Optimal Binning for Numerical Variables using Equal-Width Binning — optimal_binning_numerical

Performs optimal binning for numerical variables using equal-width intervals as a starting point, followed by a suite of optimization steps. This method balances predictive power and interpretability by creating statistically stable bins with a strong relationship to the target variable. The algorithm is particularly useful for risk modeling, credit scoring, and feature engineering in classification tasks.

Usage

optimal_binning_numerical_ewb(
  target,
  feature,
  min_bins = 3L,
  max_bins = 5L,
  bin_cutoff = 0.05,
  max_n_prebins = 20L,
  is_monotonic = TRUE,
  convergence_threshold = 1e-06,
  max_iterations = 1000L
)

Arguments

target: Integer binary vector (0 or 1) representing the target variable.
feature: Numeric vector with the values of the feature to be binned.
min_bins: Minimum number of bins (default: 3).
max_bins: Maximum number of bins (default: 5).
bin_cutoff: Minimum fraction of observations each bin must contain (default: 0.05).
max_n_prebins: Maximum number of pre-bins before optimization (default: 20).
is_monotonic: Logical indicating whether to enforce monotonicity in WoE (default: TRUE).
convergence_threshold: Convergence threshold for optimization process (default: 1e-6).
max_iterations: Maximum number of iterations allowed (default: 1000).

Value

A list containing:

id: Numeric identifiers for each bin (1-based indexing).
bin: Character vector with the interval specification of each bin (e.g., "(-Inf;0.5]").
woe: Numeric vector with the Weight of Evidence values for each bin.
iv: Numeric vector with the Information Value contribution for each bin.
count: Integer vector with the total number of observations in each bin.
count_pos: Integer vector with the number of positive observations in each bin.
count_neg: Integer vector with the number of negative observations in each bin.
cutpoints: Numeric vector with the cut points between bins (excluding infinity).
converged: Logical value indicating whether the algorithm converged.
iterations: Number of iterations performed by the algorithm.
total_iv: Total Information Value of the binning solution.

Details

Algorithm Overview

The implementation follows a multi-stage approach:

Pre-processing:
- Validation of inputs and handling of missing values
- Special processing for features with few unique values
Equal-Width Binning:
- Division of the feature range into intervals of equal width
- Initial assignment of observations to bins
Statistical Optimization:
- Merging of rare bins with frequencies below threshold
- WoE monotonicity enforcement (optional)
- Optimization to meet maximum bins constraint
Metric Calculation:
- Weight of Evidence (WoE) and Information Value (IV) computation

Mathematical Foundation

The algorithm uses two key metrics from information theory:

Weight of Evidence (WoE) for bin $i$: $$WoE_i = \ln\left(\frac{p_i/P}{n_i/N}\right)$$

Where:
- $p_i$: Number of positive cases in bin $i$
- $P$: Total number of positive cases
- $n_i$: Number of negative cases in bin $i$
- $N$: Total number of negative cases
Information Value (IV) for bin $i$: $$IV_i = \left(\frac{p_i}{P} - \frac{n_i}{N}\right) \times WoE_i$$

The total Information Value is the sum across all bins: $$IV_{total} = \sum_{i=1}^{k} IV_i$$
Laplace Smoothing: To handle zero counts, the algorithm employs Laplace smoothing: $$\frac{p_i + \alpha}{P + k\alpha}, \frac{n_i + \alpha}{N + k\alpha}$$

Where:
- $\alpha$: Smoothing factor (0.5 in this implementation)
- $k$: Number of bins

Monotonicity Enforcement

When is_monotonic = TRUE, the algorithm ensures that WoE values either consistently increase or decrease across bins.

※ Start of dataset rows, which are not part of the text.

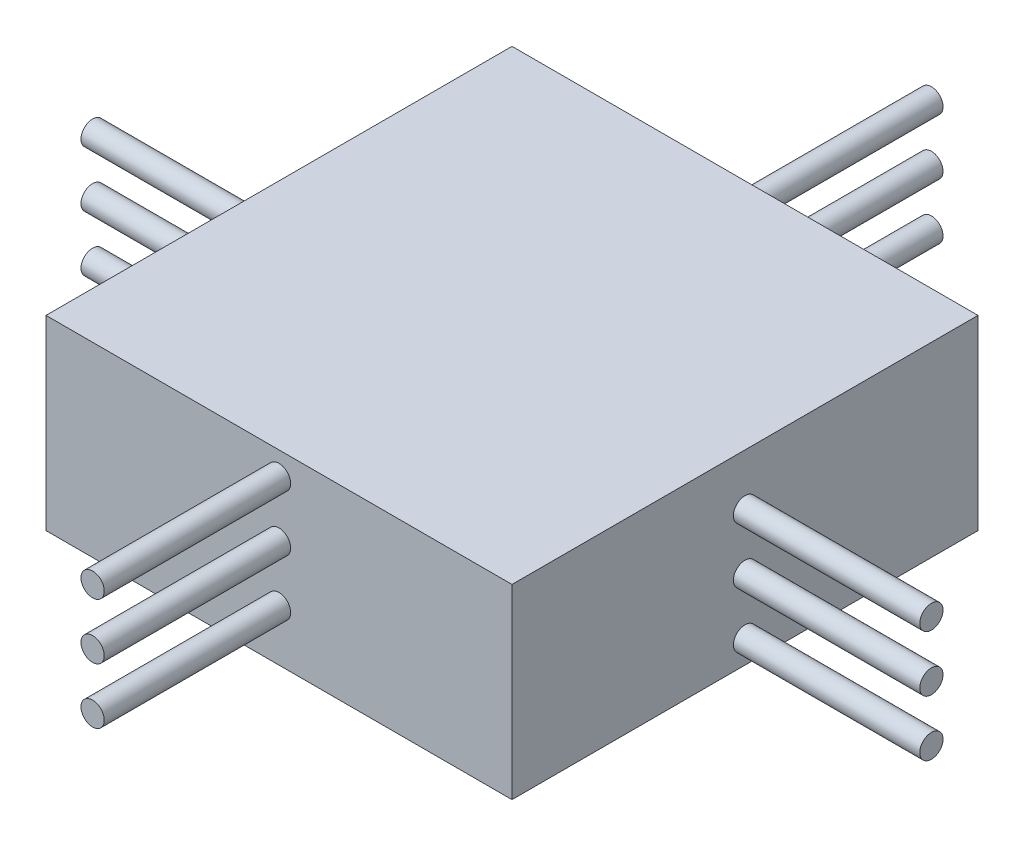
ISO-10303-21;
HEADER;
FILE_DESCRIPTION(('STEP AP214'),'2;1');
FILE_NAME('part.step','',(''),(''),'','','');
FILE_SCHEMA(('AUTOMOTIVE_DESIGN { 1 0 10303 214 1 1 1 1 }'));
ENDSEC;
DATA;
#1=APPLICATION_CONTEXT('core data for automotive mechanical design processes');
#2=APPLICATION_PROTOCOL_DEFINITION('international standard','automotive_design',2000,#1);
#3=PRODUCT_CONTEXT('',#1,'mechanical');
#4=PRODUCT('Part','Part','',(#3));
#5=PRODUCT_RELATED_PRODUCT_CATEGORY('part','',(#4));
#6=PRODUCT_DEFINITION_FORMATION('','',#4);
#7=PRODUCT_DEFINITION_CONTEXT('part definition',#1,'design');
#8=PRODUCT_DEFINITION('design','',#6,#7);
#9=PRODUCT_DEFINITION_SHAPE('','',#8);
#10=(LENGTH_UNIT() NAMED_UNIT(*) SI_UNIT(.MILLI.,.METRE.));
#11=(NAMED_UNIT(*) PLANE_ANGLE_UNIT() SI_UNIT($,.RADIAN.));
#12=(NAMED_UNIT(*) SI_UNIT($,.STERADIAN.) SOLID_ANGLE_UNIT());
#13=UNCERTAINTY_MEASURE_WITH_UNIT(LENGTH_MEASURE(1.E-05),#10,'distance_accuracy_value','');
#14=(GEOMETRIC_REPRESENTATION_CONTEXT(3) GLOBAL_UNCERTAINTY_ASSIGNED_CONTEXT((#13)) GLOBAL_UNIT_ASSIGNED_CONTEXT((#10,
#11,#12)) REPRESENTATION_CONTEXT('',''));
#15=CARTESIAN_POINT('',(0.,0.,0.));
#16=DIRECTION('',(0.,0.,1.));
#17=DIRECTION('',(1.,0.,0.));
#18=AXIS2_PLACEMENT_3D('',#15,#16,#17);
#19=CARTESIAN_POINT('',(-45.,2.5,-1.26366883937884E-13));
#20=DIRECTION('',(1.,0.,0.));
#21=DIRECTION('',(0.,0.,-1.));
#22=AXIS2_PLACEMENT_3D('',#19,#20,#21);
#23=CYLINDRICAL_SURFACE('',#22,1.25);
#24=CARTESIAN_POINT('',(-45.,2.5,-1.26366883937884E-13));
#25=DIRECTION('',(1.,0.,0.));
#26=DIRECTION('',(0.,0.,-1.));
#27=AXIS2_PLACEMENT_3D('',#24,#25,#26);
#28=CIRCLE('',#27,1.25);
#29=CARTESIAN_POINT('',(-45.,2.5,-1.25000000000013));
#30=VERTEX_POINT('',#29);
#31=EDGE_CURVE('E11',#30,#30,#28,.T.);
#32=ORIENTED_EDGE('',*,*,#31,.T.);
#33=EDGE_LOOP('',(#32));
#34=FACE_BOUND('',#33,.T.);
#35=CARTESIAN_POINT('',(45.,2.5,-1.26366883937884E-13));
#36=DIRECTION('',(1.,0.,0.));
#37=DIRECTION('',(0.,0.,-1.));
#38=AXIS2_PLACEMENT_3D('',#35,#36,#37);
#39=CIRCLE('',#38,1.25);
#40=CARTESIAN_POINT('',(45.,2.5,-1.25000000000013));
#41=VERTEX_POINT('',#40);
#42=EDGE_CURVE('E46',#41,#41,#39,.T.);
#43=ORIENTED_EDGE('',*,*,#42,.F.);
#44=EDGE_LOOP('',(#43));
#45=FACE_BOUND('',#44,.T.);
#46=ADVANCED_FACE('F40',(#34,#45),#23,.T.);
#47=CARTESIAN_POINT('',(-45.,2.5,-1.26366883937884E-13));
#48=DIRECTION('',(1.,0.,0.));
#49=DIRECTION('',(0.,0.,-1.));
#50=AXIS2_PLACEMENT_3D('',#47,#48,#49);
#51=PLANE('',#50);
#52=ORIENTED_EDGE('',*,*,#31,.F.);
#53=EDGE_LOOP('',(#52));
#54=FACE_BOUND('',#53,.T.);
#55=ADVANCED_FACE('F55',(#54),#51,.F.);
#56=CARTESIAN_POINT('',(45.,2.5,-1.26366883937884E-13));
#57=DIRECTION('',(1.,0.,0.));
#58=DIRECTION('',(0.,0.,-1.));
#59=AXIS2_PLACEMENT_3D('',#56,#57,#58);
#60=PLANE('',#59);
#61=ORIENTED_EDGE('',*,*,#42,.T.);
#62=EDGE_LOOP('',(#61));
#63=FACE_BOUND('',#62,.T.);
#64=ADVANCED_FACE('F52',(#63),#60,.T.);
#65=CLOSED_SHELL('',(#46,#55,#64));
#66=MANIFOLD_SOLID_BREP('B2',#65);
#67=CARTESIAN_POINT('',(-45.,8.5,0.));
#68=DIRECTION('',(1.,0.,0.));
#69=DIRECTION('',(0.,0.,-1.));
#70=AXIS2_PLACEMENT_3D('',#67,#68,#69);
#71=CYLINDRICAL_SURFACE('',#70,1.25);
#72=CARTESIAN_POINT('',(-45.,8.5,0.));
#73=DIRECTION('',(1.,0.,0.));
#74=DIRECTION('',(0.,0.,-1.));
#75=AXIS2_PLACEMENT_3D('',#72,#73,#74);
#76=CIRCLE('',#75,1.25);
#77=CARTESIAN_POINT('',(-45.,8.5,-1.25000000000006));
#78=VERTEX_POINT('',#77);
#79=EDGE_CURVE('E39',#78,#78,#76,.T.);
#80=ORIENTED_EDGE('',*,*,#79,.T.);
#81=EDGE_LOOP('',(#80));
#82=FACE_BOUND('',#81,.T.);
#83=CARTESIAN_POINT('',(45.,8.5,0.));
#84=DIRECTION('',(1.,0.,0.));
#85=DIRECTION('',(0.,0.,-1.));
#86=AXIS2_PLACEMENT_3D('',#83,#84,#85);
#87=CIRCLE('',#86,1.25);
#88=CARTESIAN_POINT('',(45.,8.5,-1.25000000000006));
#89=VERTEX_POINT('',#88);
#90=EDGE_CURVE('E95',#89,#89,#87,.T.);
#91=ORIENTED_EDGE('',*,*,#90,.F.);
#92=EDGE_LOOP('',(#91));
#93=FACE_BOUND('',#92,.T.);
#94=ADVANCED_FACE('F89',(#82,#93),#71,.T.);
#95=CARTESIAN_POINT('',(-45.,8.5,0.));
#96=DIRECTION('',(1.,0.,0.));
#97=DIRECTION('',(0.,0.,-1.));
#98=AXIS2_PLACEMENT_3D('',#95,#96,#97);
#99=PLANE('',#98);
#100=ORIENTED_EDGE('',*,*,#79,.F.);
#101=EDGE_LOOP('',(#100));
#102=FACE_BOUND('',#101,.T.);
#103=ADVANCED_FACE('F104',(#102),#99,.F.);
#104=CARTESIAN_POINT('',(45.,8.5,0.));
#105=DIRECTION('',(1.,0.,0.));
#106=DIRECTION('',(0.,0.,-1.));
#107=AXIS2_PLACEMENT_3D('',#104,#105,#106);
#108=PLANE('',#107);
#109=ORIENTED_EDGE('',*,*,#90,.T.);
#110=EDGE_LOOP('',(#109));
#111=FACE_BOUND('',#110,.T.);
#112=ADVANCED_FACE('F101',(#111),#108,.T.);
#113=CLOSED_SHELL('',(#94,#103,#112));
#114=MANIFOLD_SOLID_BREP('B6',#113);
#115=CARTESIAN_POINT('',(-45.,14.5,0.));
#116=DIRECTION('',(1.,0.,0.));
#117=DIRECTION('',(0.,0.,-1.));
#118=AXIS2_PLACEMENT_3D('',#115,#116,#117);
#119=CYLINDRICAL_SURFACE('',#118,1.25);
#120=CARTESIAN_POINT('',(-45.,14.5,0.));
#121=DIRECTION('',(1.,0.,0.));
#122=DIRECTION('',(0.,0.,-1.));
#123=AXIS2_PLACEMENT_3D('',#120,#121,#122);
#124=CIRCLE('',#123,1.25);
#125=CARTESIAN_POINT('',(-45.,14.5,-1.25));
#126=VERTEX_POINT('',#125);
#127=EDGE_CURVE('E88',#126,#126,#124,.T.);
#128=ORIENTED_EDGE('',*,*,#127,.T.);
#129=EDGE_LOOP('',(#128));
#130=FACE_BOUND('',#129,.T.);
#131=CARTESIAN_POINT('',(45.,14.5,0.));
#132=DIRECTION('',(1.,0.,0.));
#133=DIRECTION('',(0.,0.,-1.));
#134=AXIS2_PLACEMENT_3D('',#131,#132,#133);
#135=CIRCLE('',#134,1.25);
#136=CARTESIAN_POINT('',(45.,14.5,-1.25));
#137=VERTEX_POINT('',#136);
#138=EDGE_CURVE('E144',#137,#137,#135,.T.);
#139=ORIENTED_EDGE('',*,*,#138,.F.);
#140=EDGE_LOOP('',(#139));
#141=FACE_BOUND('',#140,.T.);
#142=ADVANCED_FACE('F138',(#130,#141),#119,.T.);
#143=CARTESIAN_POINT('',(-45.,14.5,0.));
#144=DIRECTION('',(1.,0.,0.));
#145=DIRECTION('',(0.,0.,-1.));
#146=AXIS2_PLACEMENT_3D('',#143,#144,#145);
#147=PLANE('',#146);
#148=ORIENTED_EDGE('',*,*,#127,.F.);
#149=EDGE_LOOP('',(#148));
#150=FACE_BOUND('',#149,.T.);
#151=ADVANCED_FACE('F153',(#150),#147,.F.);
#152=CARTESIAN_POINT('',(45.,14.5,0.));
#153=DIRECTION('',(1.,0.,0.));
#154=DIRECTION('',(0.,0.,-1.));
#155=AXIS2_PLACEMENT_3D('',#152,#153,#154);
#156=PLANE('',#155);
#157=ORIENTED_EDGE('',*,*,#138,.T.);
#158=EDGE_LOOP('',(#157));
#159=FACE_BOUND('',#158,.T.);
#160=ADVANCED_FACE('F150',(#159),#156,.T.);
#161=CLOSED_SHELL('',(#142,#151,#160));
#162=MANIFOLD_SOLID_BREP('B34',#161);
#163=CARTESIAN_POINT('',(1.29468936850093E-13,5.5,-45.));
#164=DIRECTION('',(0.,0.,1.));
#165=DIRECTION('',(1.,0.,0.));
#166=AXIS2_PLACEMENT_3D('',#163,#164,#165);
#167=CYLINDRICAL_SURFACE('',#166,1.25);
#168=CARTESIAN_POINT('',(1.29468936850093E-13,5.5,-45.));
#169=DIRECTION('',(0.,0.,1.));
#170=DIRECTION('',(1.,0.,0.));
#171=AXIS2_PLACEMENT_3D('',#168,#169,#170);
#172=CIRCLE('',#171,1.25);
#173=CARTESIAN_POINT('',(1.25000000000013,5.5,-45.));
#174=VERTEX_POINT('',#173);
#175=EDGE_CURVE('E137',#174,#174,#172,.T.);
#176=ORIENTED_EDGE('',*,*,#175,.T.);
#177=EDGE_LOOP('',(#176));
#178=FACE_BOUND('',#177,.T.);
#179=CARTESIAN_POINT('',(1.29468936850093E-13,5.5,45.));
#180=DIRECTION('',(0.,0.,1.));
#181=DIRECTION('',(1.,0.,0.));
#182=AXIS2_PLACEMENT_3D('',#179,#180,#181);
#183=CIRCLE('',#182,1.25);
#184=CARTESIAN_POINT('',(1.25000000000013,5.5,45.));
#185=VERTEX_POINT('',#184);
#186=EDGE_CURVE('E193',#185,#185,#183,.T.);
#187=ORIENTED_EDGE('',*,*,#186,.F.);
#188=EDGE_LOOP('',(#187));
#189=FACE_BOUND('',#188,.T.);
#190=ADVANCED_FACE('F187',(#178,#189),#167,.T.);
#191=CARTESIAN_POINT('',(1.29468936850093E-13,5.5,-45.));
#192=DIRECTION('',(0.,0.,1.));
#193=DIRECTION('',(1.,0.,0.));
#194=AXIS2_PLACEMENT_3D('',#191,#192,#193);
#195=PLANE('',#194);
#196=ORIENTED_EDGE('',*,*,#175,.F.);
#197=EDGE_LOOP('',(#196));
#198=FACE_BOUND('',#197,.T.);
#199=ADVANCED_FACE('F202',(#198),#195,.F.);
#200=CARTESIAN_POINT('',(1.29468936850093E-13,5.5,45.));
#201=DIRECTION('',(0.,0.,1.));
#202=DIRECTION('',(1.,0.,0.));
#203=AXIS2_PLACEMENT_3D('',#200,#201,#202);
#204=PLANE('',#203);
#205=ORIENTED_EDGE('',*,*,#186,.T.);
#206=EDGE_LOOP('',(#205));
#207=FACE_BOUND('',#206,.T.);
#208=ADVANCED_FACE('F199',(#207),#204,.T.);
#209=CLOSED_SHELL('',(#190,#199,#208));
#210=MANIFOLD_SOLID_BREP('B83',#209);
#211=CARTESIAN_POINT('',(0.,11.5,-45.));
#212=DIRECTION('',(0.,0.,1.));
#213=DIRECTION('',(1.,0.,0.));
#214=AXIS2_PLACEMENT_3D('',#211,#212,#213);
#215=CYLINDRICAL_SURFACE('',#214,1.25);
#216=CARTESIAN_POINT('',(0.,11.5,-45.));
#217=DIRECTION('',(0.,0.,1.));
#218=DIRECTION('',(1.,0.,0.));
#219=AXIS2_PLACEMENT_3D('',#216,#217,#218);
#220=CIRCLE('',#219,1.25);
#221=CARTESIAN_POINT('',(1.25000000000007,11.5,-45.));
#222=VERTEX_POINT('',#221);
#223=EDGE_CURVE('E186',#222,#222,#220,.T.);
#224=ORIENTED_EDGE('',*,*,#223,.T.);
#225=EDGE_LOOP('',(#224));
#226=FACE_BOUND('',#225,.T.);
#227=CARTESIAN_POINT('',(0.,11.5,45.));
#228=DIRECTION('',(0.,0.,1.));
#229=DIRECTION('',(1.,0.,0.));
#230=AXIS2_PLACEMENT_3D('',#227,#228,#229);
#231=CIRCLE('',#230,1.25);
#232=CARTESIAN_POINT('',(1.25000000000007,11.5,45.));
#233=VERTEX_POINT('',#232);
#234=EDGE_CURVE('E242',#233,#233,#231,.T.);
#235=ORIENTED_EDGE('',*,*,#234,.F.);
#236=EDGE_LOOP('',(#235));
#237=FACE_BOUND('',#236,.T.);
#238=ADVANCED_FACE('F236',(#226,#237),#215,.T.);
#239=CARTESIAN_POINT('',(0.,11.5,-45.));
#240=DIRECTION('',(0.,0.,1.));
#241=DIRECTION('',(1.,0.,0.));
#242=AXIS2_PLACEMENT_3D('',#239,#240,#241);
#243=PLANE('',#242);
#244=ORIENTED_EDGE('',*,*,#223,.F.);
#245=EDGE_LOOP('',(#244));
#246=FACE_BOUND('',#245,.T.);
#247=ADVANCED_FACE('F251',(#246),#243,.F.);
#248=CARTESIAN_POINT('',(0.,11.5,45.));
#249=DIRECTION('',(0.,0.,1.));
#250=DIRECTION('',(1.,0.,0.));
#251=AXIS2_PLACEMENT_3D('',#248,#249,#250);
#252=PLANE('',#251);
#253=ORIENTED_EDGE('',*,*,#234,.T.);
#254=EDGE_LOOP('',(#253));
#255=FACE_BOUND('',#254,.T.);
#256=ADVANCED_FACE('F248',(#255),#252,.T.);
#257=CLOSED_SHELL('',(#238,#247,#256));
#258=MANIFOLD_SOLID_BREP('B132',#257);
#259=CARTESIAN_POINT('',(0.,17.5,-45.));
#260=DIRECTION('',(0.,0.,1.));
#261=DIRECTION('',(1.,0.,0.));
#262=AXIS2_PLACEMENT_3D('',#259,#260,#261);
#263=CYLINDRICAL_SURFACE('',#262,1.25);
#264=CARTESIAN_POINT('',(0.,17.5,-45.));
#265=DIRECTION('',(0.,0.,1.));
#266=DIRECTION('',(1.,0.,0.));
#267=AXIS2_PLACEMENT_3D('',#264,#265,#266);
#268=CIRCLE('',#267,1.25);
#269=CARTESIAN_POINT('',(1.25,17.5,-45.));
#270=VERTEX_POINT('',#269);
#271=EDGE_CURVE('E235',#270,#270,#268,.T.);
#272=ORIENTED_EDGE('',*,*,#271,.T.);
#273=EDGE_LOOP('',(#272));
#274=FACE_BOUND('',#273,.T.);
#275=CARTESIAN_POINT('',(0.,17.5,45.));
#276=DIRECTION('',(0.,0.,1.));
#277=DIRECTION('',(1.,0.,0.));
#278=AXIS2_PLACEMENT_3D('',#275,#276,#277);
#279=CIRCLE('',#278,1.25);
#280=CARTESIAN_POINT('',(1.25,17.5,45.));
#281=VERTEX_POINT('',#280);
#282=EDGE_CURVE('E292',#281,#281,#279,.T.);
#283=ORIENTED_EDGE('',*,*,#282,.F.);
#284=EDGE_LOOP('',(#283));
#285=FACE_BOUND('',#284,.T.);
#286=ADVANCED_FACE('F286',(#274,#285),#263,.T.);
#287=CARTESIAN_POINT('',(0.,17.5,-45.));
#288=DIRECTION('',(0.,0.,1.));
#289=DIRECTION('',(1.,0.,0.));
#290=AXIS2_PLACEMENT_3D('',#287,#288,#289);
#291=PLANE('',#290);
#292=ORIENTED_EDGE('',*,*,#271,.F.);
#293=EDGE_LOOP('',(#292));
#294=FACE_BOUND('',#293,.T.);
#295=ADVANCED_FACE('F301',(#294),#291,.F.);
#296=CARTESIAN_POINT('',(0.,17.5,45.));
#297=DIRECTION('',(0.,0.,1.));
#298=DIRECTION('',(1.,0.,0.));
#299=AXIS2_PLACEMENT_3D('',#296,#297,#298);
#300=PLANE('',#299);
#301=ORIENTED_EDGE('',*,*,#282,.T.);
#302=EDGE_LOOP('',(#301));
#303=FACE_BOUND('',#302,.T.);
#304=ADVANCED_FACE('F298',(#303),#300,.T.);
#305=CLOSED_SHELL('',(#286,#295,#304));
#306=MANIFOLD_SOLID_BREP('B181',#305);
#307=CARTESIAN_POINT('',(-25.,20.,25.));
#308=DIRECTION('',(1.,0.,0.));
#309=DIRECTION('',(0.,0.,-1.));
#310=AXIS2_PLACEMENT_3D('',#307,#308,#309);
#311=PLANE('',#310);
#312=DIRECTION('',(0.,0.,1.));
#313=VECTOR('',#312,1.);
#314=CARTESIAN_POINT('',(-25.,0.,25.));
#315=LINE('',#314,#313);
#316=CARTESIAN_POINT('',(-25.,0.,-25.));
#317=VERTEX_POINT('',#316);
#318=CARTESIAN_POINT('',(-25.,0.,25.));
#319=VERTEX_POINT('',#318);
#320=EDGE_CURVE('E390',#317,#319,#315,.T.);
#321=ORIENTED_EDGE('',*,*,#320,.T.);
#322=DIRECTION('',(0.,-1.,0.));
#323=VECTOR('',#322,1.);
#324=CARTESIAN_POINT('',(-25.,20.,25.));
#325=LINE('',#324,#323);
#326=CARTESIAN_POINT('',(-25.,20.,25.));
#327=VERTEX_POINT('',#326);
#328=EDGE_CURVE('E284',#327,#319,#325,.T.);
#329=ORIENTED_EDGE('',*,*,#328,.F.);
#330=DIRECTION('',(0.,0.,1.));
#331=VECTOR('',#330,1.);
#332=CARTESIAN_POINT('',(-25.,20.,25.));
#333=LINE('',#332,#331);
#334=CARTESIAN_POINT('',(-25.,20.,-25.));
#335=VERTEX_POINT('',#334);
#336=EDGE_CURVE('E378',#335,#327,#333,.T.);
#337=ORIENTED_EDGE('',*,*,#336,.F.);
#338=DIRECTION('',(0.,-1.,0.));
#339=VECTOR('',#338,1.);
#340=CARTESIAN_POINT('',(-25.,20.,-25.));
#341=LINE('',#340,#339);
#342=EDGE_CURVE('E386',#335,#317,#341,.T.);
#343=ORIENTED_EDGE('',*,*,#342,.T.);
#344=EDGE_LOOP('',(#321,#329,#337,#343));
#345=FACE_BOUND('',#344,.T.);
#346=ADVANCED_FACE('F327',(#345),#311,.F.);
#347=CARTESIAN_POINT('',(25.,20.,25.));
#348=DIRECTION('',(0.,0.,-1.));
#349=DIRECTION('',(-1.,0.,0.));
#350=AXIS2_PLACEMENT_3D('',#347,#348,#349);
#351=PLANE('',#350);
#352=DIRECTION('',(1.,0.,0.));
#353=VECTOR('',#352,1.);
#354=CARTESIAN_POINT('',(25.,0.,25.));
#355=LINE('',#354,#353);
#356=CARTESIAN_POINT('',(25.,0.,25.));
#357=VERTEX_POINT('',#356);
#358=EDGE_CURVE('E382',#319,#357,#355,.T.);
#359=ORIENTED_EDGE('',*,*,#358,.T.);
#360=DIRECTION('',(0.,-1.,0.));
#361=VECTOR('',#360,1.);
#362=CARTESIAN_POINT('',(25.,20.,25.));
#363=LINE('',#362,#361);
#364=CARTESIAN_POINT('',(25.,20.,25.));
#365=VERTEX_POINT('',#364);
#366=EDGE_CURVE('E335',#365,#357,#363,.T.);
#367=ORIENTED_EDGE('',*,*,#366,.F.);
#368=DIRECTION('',(1.,0.,0.));
#369=VECTOR('',#368,1.);
#370=CARTESIAN_POINT('',(25.,20.,25.));
#371=LINE('',#370,#369);
#372=EDGE_CURVE('E373',#327,#365,#371,.T.);
#373=ORIENTED_EDGE('',*,*,#372,.F.);
#374=ORIENTED_EDGE('',*,*,#328,.T.);
#375=EDGE_LOOP('',(#359,#367,#373,#374));
#376=FACE_BOUND('',#375,.T.);
#377=ADVANCED_FACE('F381',(#376),#351,.F.);
#378=CARTESIAN_POINT('',(25.,20.,25.));
#379=DIRECTION('',(-1.,0.,0.));
#380=DIRECTION('',(0.,0.,1.));
#381=AXIS2_PLACEMENT_3D('',#378,#379,#380);
#382=PLANE('',#381);
#383=DIRECTION('',(0.,0.,-1.));
#384=VECTOR('',#383,1.);
#385=CARTESIAN_POINT('',(25.,0.,25.));
#386=LINE('',#385,#384);
#387=CARTESIAN_POINT('',(25.,0.,-25.));
#388=VERTEX_POINT('',#387);
#389=EDGE_CURVE('E360',#357,#388,#386,.T.);
#390=ORIENTED_EDGE('',*,*,#389,.T.);
#391=DIRECTION('',(0.,-1.,0.));
#392=VECTOR('',#391,1.);
#393=CARTESIAN_POINT('',(25.,20.,-25.));
#394=LINE('',#393,#392);
#395=CARTESIAN_POINT('',(25.,20.,-25.));
#396=VERTEX_POINT('',#395);
#397=EDGE_CURVE('E383',#396,#388,#394,.T.);
#398=ORIENTED_EDGE('',*,*,#397,.F.);
#399=DIRECTION('',(0.,0.,-1.));
#400=VECTOR('',#399,1.);
#401=CARTESIAN_POINT('',(25.,20.,25.));
#402=LINE('',#401,#400);
#403=EDGE_CURVE('E376',#365,#396,#402,.T.);
#404=ORIENTED_EDGE('',*,*,#403,.F.);
#405=ORIENTED_EDGE('',*,*,#366,.T.);
#406=EDGE_LOOP('',(#390,#398,#404,#405));
#407=FACE_BOUND('',#406,.T.);
#408=ADVANCED_FACE('F384',(#407),#382,.F.);
#409=CARTESIAN_POINT('',(25.,20.,-25.));
#410=DIRECTION('',(0.,0.,1.));
#411=DIRECTION('',(1.,0.,0.));
#412=AXIS2_PLACEMENT_3D('',#409,#410,#411);
#413=PLANE('',#412);
#414=DIRECTION('',(-1.,0.,0.));
#415=VECTOR('',#414,1.);
#416=CARTESIAN_POINT('',(25.,0.,-25.));
#417=LINE('',#416,#415);
#418=EDGE_CURVE('E366',#388,#317,#417,.T.);
#419=ORIENTED_EDGE('',*,*,#418,.T.);
#420=ORIENTED_EDGE('',*,*,#342,.F.);
#421=DIRECTION('',(-1.,0.,0.));
#422=VECTOR('',#421,1.);
#423=CARTESIAN_POINT('',(25.,20.,-25.));
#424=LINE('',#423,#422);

This property is desirable for:

Interpretability: Monotonic relationships are easier to explain
Robustness: Reduces overfitting and improves stability
Business logic: Aligns with domain knowledge expectations

The algorithm determines the preferred monotonicity direction (increasing or decreasing) based on the initial bins and proceeds to merge bins that violate this pattern while minimizing information loss.

Handling Edge Cases

The algorithm includes special handling for:

Missing values (NaN)
Features with few unique values
Nearly constant features
Highly imbalanced target distributions

References

Dougherty, J., Kohavi, R., & Sahami, M. (1995). Supervised and Unsupervised Discretization of Continuous Features. Proceedings of the Twelfth International Conference on Machine Learning, 194-202.

García, S., Luengo, J., Sáez, J. A., López, V., & Herrera, F. (2013). A survey of discretization techniques: Taxonomy and empirical analysis in supervised learning. IEEE Transactions on Knowledge and Data Engineering, 25(4), 734-750.

Kotsiantis, S., & Kanellopoulos, D. (2006). Discretization Techniques: A Recent Survey. GESTS International Transactions on Computer Science and Engineering, 32(1), 47-58.

Siddiqi, N. (2006). Credit Risk Scorecards: Developing and Implementing Intelligent Credit Scoring. John Wiley & Sons.

Thomas, L. C. (2009). Consumer Credit Models: Pricing, Profit and Portfolios. Oxford University Press.

Zeng, Y. (2014). Univariate feature selection and binner. arXiv preprint arXiv:1410.5420.

Examples

if (FALSE) { # \dontrun{
# Generate synthetic data
set.seed(123)
target <- sample(0:1, 1000, replace = TRUE)
feature <- rnorm(1000)

# Basic usage
result <- optimal_binning_numerical_ewb(target, feature)
print(result)

# Custom parameters
result_custom <- optimal_binning_numerical_ewb(
  target = target,
  feature = feature,
  min_bins = 2,
  max_bins = 8,
  bin_cutoff = 0.03,
  is_monotonic = TRUE
)

# Extract cutpoints for use in prediction
cutpoints <- result$cutpoints

# Calculate total information value
total_iv <- result$total_iv
} # }